◆ **WHAT YOU ARE ASKED TO DO**: Please return each entry that follows exactly as written, and keep the pictures out.
■ ■ ■
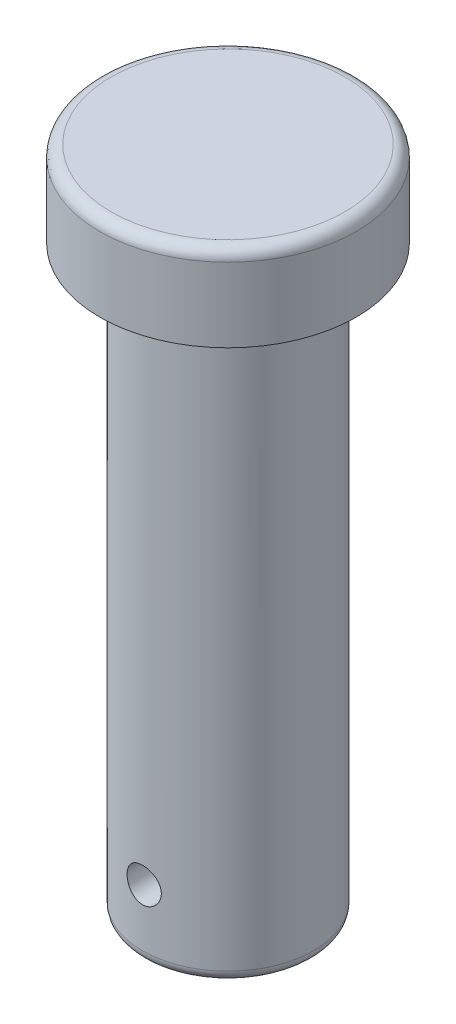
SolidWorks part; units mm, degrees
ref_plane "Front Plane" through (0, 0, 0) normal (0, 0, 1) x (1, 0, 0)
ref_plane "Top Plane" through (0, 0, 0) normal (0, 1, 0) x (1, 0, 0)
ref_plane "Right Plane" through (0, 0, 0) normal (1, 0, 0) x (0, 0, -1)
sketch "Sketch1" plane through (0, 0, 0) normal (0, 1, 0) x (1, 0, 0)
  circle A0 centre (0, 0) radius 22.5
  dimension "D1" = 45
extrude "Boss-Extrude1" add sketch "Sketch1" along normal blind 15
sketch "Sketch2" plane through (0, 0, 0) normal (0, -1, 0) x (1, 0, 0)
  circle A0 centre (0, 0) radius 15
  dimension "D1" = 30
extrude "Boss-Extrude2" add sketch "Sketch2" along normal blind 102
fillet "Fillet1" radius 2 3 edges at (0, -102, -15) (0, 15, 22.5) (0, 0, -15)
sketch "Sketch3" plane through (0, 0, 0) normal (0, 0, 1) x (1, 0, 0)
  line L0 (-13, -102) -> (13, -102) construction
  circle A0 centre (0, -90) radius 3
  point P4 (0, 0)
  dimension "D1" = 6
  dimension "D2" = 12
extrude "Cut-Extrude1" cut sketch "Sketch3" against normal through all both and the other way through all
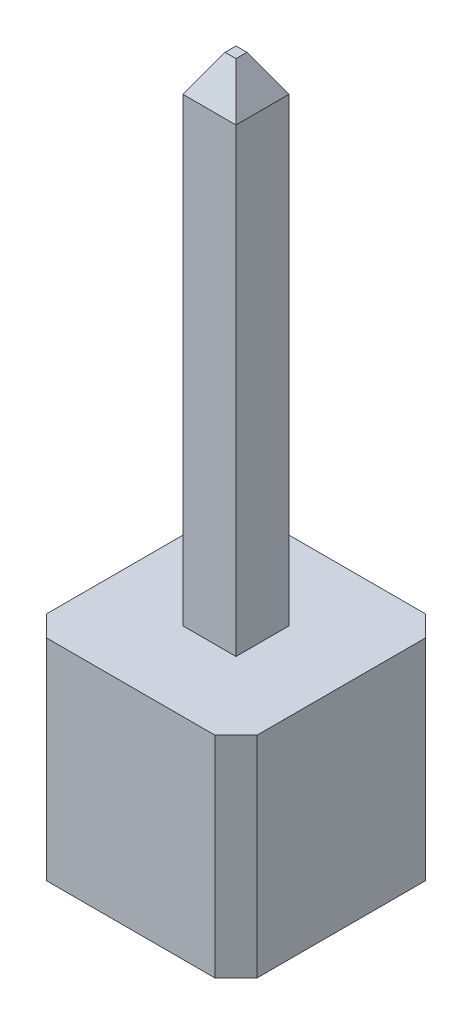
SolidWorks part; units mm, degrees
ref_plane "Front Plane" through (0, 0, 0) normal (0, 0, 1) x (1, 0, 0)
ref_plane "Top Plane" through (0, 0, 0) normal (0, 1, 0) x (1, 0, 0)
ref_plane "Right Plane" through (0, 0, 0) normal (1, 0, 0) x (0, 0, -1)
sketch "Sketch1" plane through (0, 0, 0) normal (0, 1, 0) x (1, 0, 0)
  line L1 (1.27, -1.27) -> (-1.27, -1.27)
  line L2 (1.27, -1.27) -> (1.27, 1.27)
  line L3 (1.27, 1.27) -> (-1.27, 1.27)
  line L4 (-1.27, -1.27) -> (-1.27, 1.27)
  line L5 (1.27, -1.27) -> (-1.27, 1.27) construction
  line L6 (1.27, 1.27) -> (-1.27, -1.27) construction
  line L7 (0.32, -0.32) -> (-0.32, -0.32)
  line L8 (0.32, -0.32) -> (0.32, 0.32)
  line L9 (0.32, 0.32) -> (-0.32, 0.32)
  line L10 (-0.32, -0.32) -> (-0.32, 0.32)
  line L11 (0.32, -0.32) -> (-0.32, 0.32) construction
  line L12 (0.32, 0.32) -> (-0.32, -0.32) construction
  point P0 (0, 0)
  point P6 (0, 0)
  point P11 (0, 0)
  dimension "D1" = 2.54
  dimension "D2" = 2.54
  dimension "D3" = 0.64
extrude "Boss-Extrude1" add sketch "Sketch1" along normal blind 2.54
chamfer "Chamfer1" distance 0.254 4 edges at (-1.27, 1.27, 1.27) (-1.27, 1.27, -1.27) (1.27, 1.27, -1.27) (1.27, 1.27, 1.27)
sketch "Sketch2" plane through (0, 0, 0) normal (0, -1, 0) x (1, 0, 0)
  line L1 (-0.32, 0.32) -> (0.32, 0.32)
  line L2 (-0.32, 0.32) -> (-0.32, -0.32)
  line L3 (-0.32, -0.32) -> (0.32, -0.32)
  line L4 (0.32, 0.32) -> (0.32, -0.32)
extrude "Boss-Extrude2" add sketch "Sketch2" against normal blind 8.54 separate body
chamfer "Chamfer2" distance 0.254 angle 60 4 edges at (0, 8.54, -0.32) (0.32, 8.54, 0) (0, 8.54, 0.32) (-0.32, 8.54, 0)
■ ■ ■
◆ **TASK ANSWER**:
SolidWorks part; units mm, degrees
ref_plane "Front Plane" through (0, 0, 0) normal (0, 0, 1) x (1, 0, 0)
ref_plane "Top Plane" through (0, 0, 0) normal (0, 1, 0) x (1, 0, 0)
ref_plane "Right Plane" through (0, 0, 0) normal (1, 0, 0) x (0, 0, -1)
sketch "Sketch1" plane through (0, 0, 0) normal (0, 1, 0) x (1, 0, 0)
  circle A0 centre (0, 0) radius 22.5
  dimension "D1" = 45
extrude "Boss-Extrude1" add sketch "Sketch1" along normal blind 15
sketch "Sketch2" plane through (0, 0, 0) normal (0, -1, 0) x (1, 0, 0)
  circle A0 centre (0, 0) radius 15
  dimension "D1" = 30
extrude "Boss-Extrude2" add sketch "Sketch2" along normal blind 102
fillet "Fillet1" radius 2 3 edges at (0, -102, -15) (0, 15, 22.5) (0, 0, -15)
sketch "Sketch3" plane through (0, 0, 0) normal (0, 0, 1) x (1, 0, 0)
  line L0 (-13, -102) -> (13, -102) construction
  circle A0 centre (0, -90) radius 3
  point P4 (0, 0)
  dimension "D1" = 6
  dimension "D2" = 12
extrude "Cut-Extrude1" cut sketch "Sketch3" against normal through all both and the other way through all
SolidWorks part; units mm, degrees
ref_plane "Front Plane" through (0, 0, 0) normal (0, 0, 1) x (1, 0, 0)
ref_plane "Top Plane" through (0, 0, 0) normal (0, 1, 0) x (1, 0, 0)
ref_plane "Right Plane" through (0, 0, 0) normal (1, 0, 0) x (0, 0, -1)
sketch "Sketch1" plane through (0, 0, 0) normal (0, 1, 0) x (1, 0, 0)
  line L1 (1.27, -1.27) -> (-1.27, -1.27)
  line L2 (1.27, -1.27) -> (1.27, 1.27)
  line L3 (1.27, 1.27) -> (-1.27, 1.27)
  line L4 (-1.27, -1.27) -> (-1.27, 1.27)
  line L5 (1.27, -1.27) -> (-1.27, 1.27) construction
  line L6 (1.27, 1.27) -> (-1.27, -1.27) construction
  line L7 (0.32, -0.32) -> (-0.32, -0.32)
  line L8 (0.32, -0.32) -> (0.32, 0.32)
  line L9 (0.32, 0.32) -> (-0.32, 0.32)
  line L10 (-0.32, -0.32) -> (-0.32, 0.32)
  line L11 (0.32, -0.32) -> (-0.32, 0.32) construction
  line L12 (0.32, 0.32) -> (-0.32, -0.32) construction
  point P0 (0, 0)
  point P6 (0, 0)
  point P11 (0, 0)
  dimension "D1" = 2.54
  dimension "D2" = 2.54
  dimension "D3" = 0.64
extrude "Boss-Extrude1" add sketch "Sketch1" along normal blind 2.54
chamfer "Chamfer1" distance 0.254 4 edges at (-1.27, 1.27, 1.27) (-1.27, 1.27, -1.27) (1.27, 1.27, -1.27) (1.27, 1.27, 1.27)
sketch "Sketch2" plane through (0, 0, 0) normal (0, -1, 0) x (1, 0, 0)
  line L1 (-0.32, 0.32) -> (0.32, 0.32)
  line L2 (-0.32, 0.32) -> (-0.32, -0.32)
  line L3 (-0.32, -0.32) -> (0.32, -0.32)
  line L4 (0.32, 0.32) -> (0.32, -0.32)
extrude "Boss-Extrude2" add sketch "Sketch2" against normal blind 8.54 separate body
chamfer "Chamfer2" distance 0.254 angle 60 4 edges at (0, 8.54, -0.32) (0.32, 8.54, 0) (0, 8.54, 0.32) (-0.32, 8.54, 0)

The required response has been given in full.